● **Problem to work on**:
Look for "SIGNAL" in the material below and show each line that contains it.

● **Supplied entries**:
------------------------------------------------
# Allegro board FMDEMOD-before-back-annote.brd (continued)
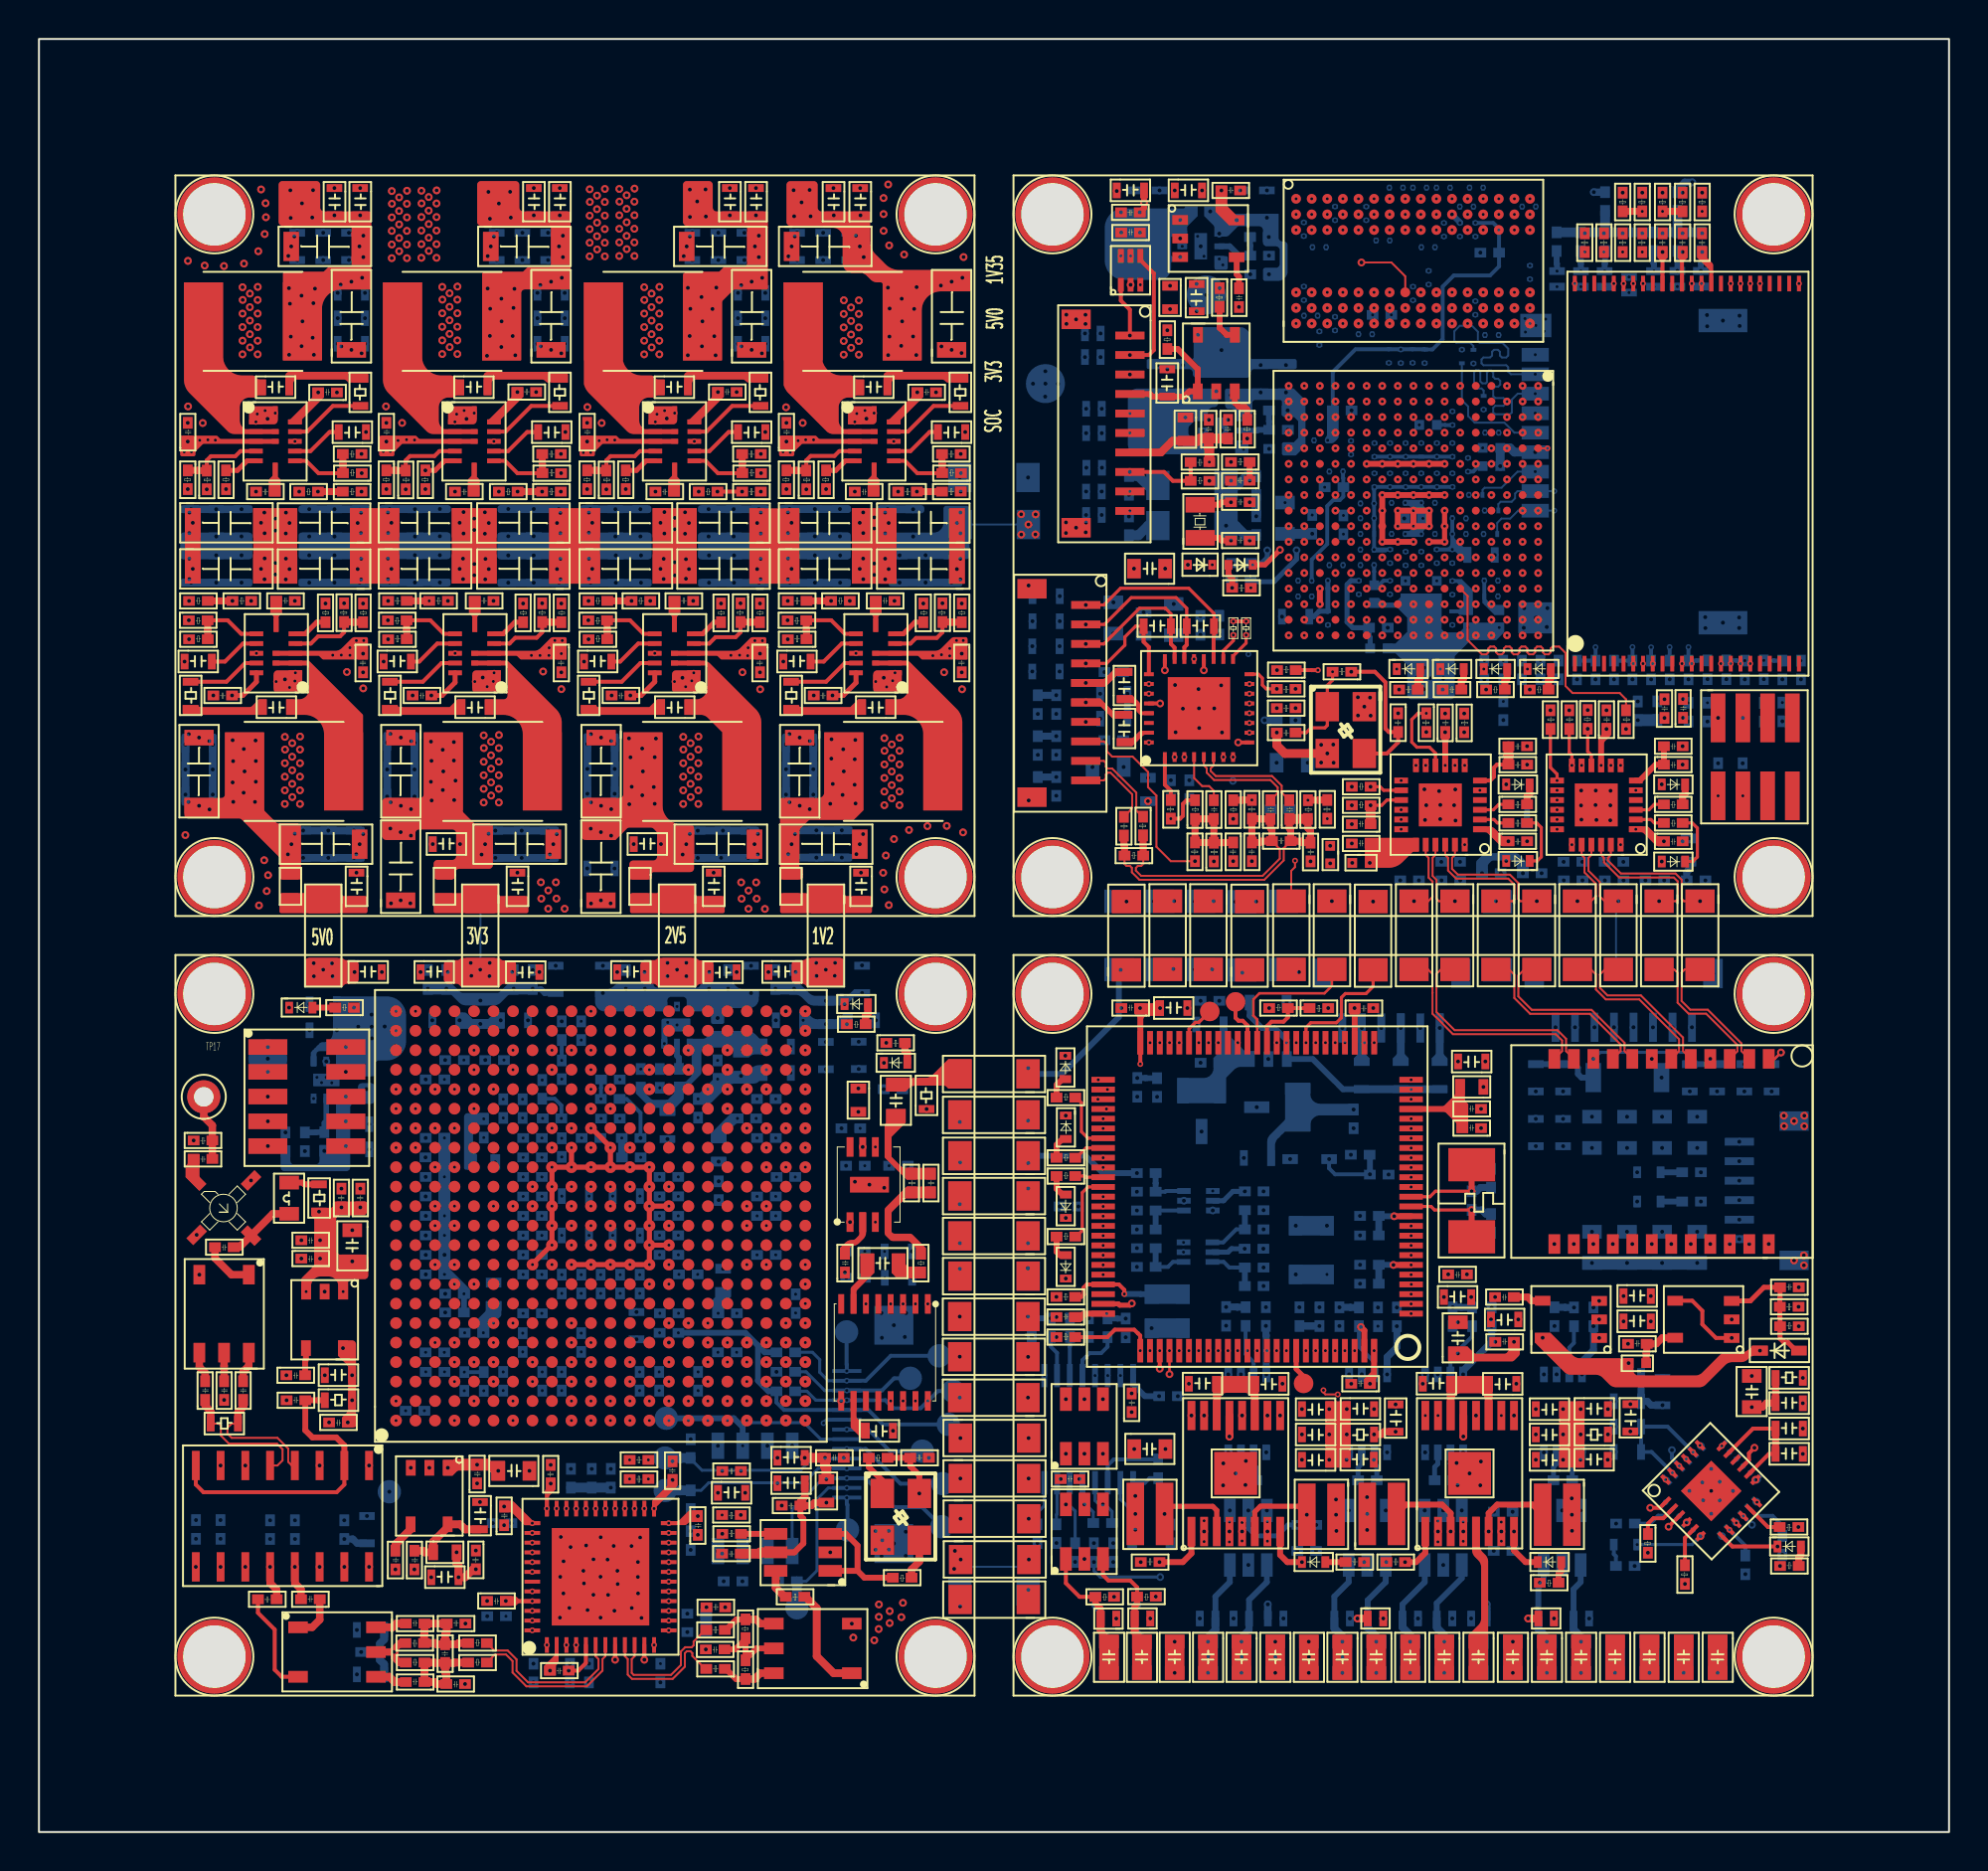
[diagram p0: board, top side]
## Routing (per net, layer and track width the routed paths; a pad name or vN(x,y) marks a point on that pad's centre or on a via; arc(x,y) is an arc through that point) (continued)
N7085137: length 19
  PWR-L6 w0.22: v2(76.77,74.8) 77.39,74.8 79.11,76.53 79.11,78.97 79.36,79.22 79.36,79.68 79.11,79.93 v2(79.11,80.09)
  BOTTOM w0.1: v2(76.77,74.8) 75.52,74.8 75.38,74.93 75.38,75.16 75.28,75.26 74.11,75.26 74.01,75.36 74.01,75.56 74.11,75.66 74.46,75.66 74.56,75.76 74.56,75.95 74.66,76.05 74.86,76.05 74.96,75.95 74.96,75.76 75.06,75.66 75.28,75.66 75.38,75.76 75.38,76.11 75.09,76.4 73.93,76.4 73.83,76.5 73.83,76.98 73.52,77.28 72.9,77.28 72.62,77 72.62,76.51 72.72,76.41 73.43,76.41 73.6,76.25 R169.2
  BOTTOM w0.3: v2(79.11,80.09) 79.11,80.47 79.11,80.47 R158.2
N7099288: length 4.3
  TOP w0.2: v8(55.97,76.78) 55.97,78.11 55.51,78.58 U31.1
  SIGNAL-L3 w0.3: v12(54.47,76.89) 54.84,76.89 54.95,76.78 v8(55.97,76.78)
N7119824: length 1.4
  BOTTOM w0.2: C180.1 56.98,18.16 56.74,17.92 U32.1
N7119928: length 2.6
  BOTTOM w0.16: U32.4 54.19,17.01 54.46,16.73 54.77,16.73 55.05,16.45 C184.1
N7119940: length 2.4
  BOTTOM w0.16: C181.1 56.09,16.46 55.48,17.07 U32.2
N7119964: length 3.6
  BOTTOM w0.2: C180.2 55.14,19.12 54.84,18.81 U32.3
N7119992: length 3.2
  BOTTOM w0.16: U32.6 52.88,16.74 53.16,16.47 C185.1
N7120000: length 2.3
  BOTTOM w0.16: C184.2 54.09,16.42 53.53,16.97 U32.5
N7120004: length 2.4
  BOTTOM w0.2: U33.3 57.82,32.89 57.78,32.85 R189.2
  BOTTOM w0.3: R189.2 57.29,33.29 R192.2
N7132397: length 9
  SIGNAL-L7 w0.1: v19(54.84,23.42) 55.47,22.78 55.47,15.18 v14(55.12,14.82)
N7132401: length 2.1
  BOTTOM w0.16: R312.1 52.2,16.28 52.23,16.31 U32.7
N7132405: length 8.8
  SIGNAL-L7 w0.1: v14(54.12,14.82) 53.86,15.09 53.86,23.09 v19(54.19,23.42)
N7132409: length 2.3
  BOTTOM w0.16: U32.8 51.59,16.75 51.23,16.39 R314.1
N7132815: length 6.5
  SIGNAL-L3 w0.1: v5(58.72,30.25) 58.4,30.25 57.46,29.31 57.46,27.64 56.17,26.34 v12(55.76,26.34)
  BOTTOM w0.3: R317.2 55.32,26.35 55.33,26.34 v12(55.76,26.34)
N7132819: length 2.5
  BOTTOM w0.2: U34.1 58.18,29.25 57.93,29 R319.2
  BOTTOM w0.3: R318.2 R319.2
N7301618: length 2.9
  BOTTOM w0.2: R188.2 61.43,30.92 60.76,30.25 U34.4
  BOTTOM w0.3: R188.2 R194.2
N7301681: length 2.4
  BOTTOM w0.2: U33.1 R198.2
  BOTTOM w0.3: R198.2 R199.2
------------------------------------------------
● **Written answer**:
  SIGNAL-L3 w0.3: v12(54.47,76.89) 54.84,76.89 54.95,76.78 v8(55.97,76.78)
  SIGNAL-L7 w0.1: v19(54.84,23.42) 55.47,22.78 55.47,15.18 v14(55.12,14.82)
  SIGNAL-L7 w0.1: v14(54.12,14.82) 53.86,15.09 53.86,23.09 v19(54.19,23.42)
  SIGNAL-L3 w0.1: v5(58.72,30.25) 58.4,30.25 57.46,29.31 57.46,27.64 56.17,26.34 v12(55.76,26.34)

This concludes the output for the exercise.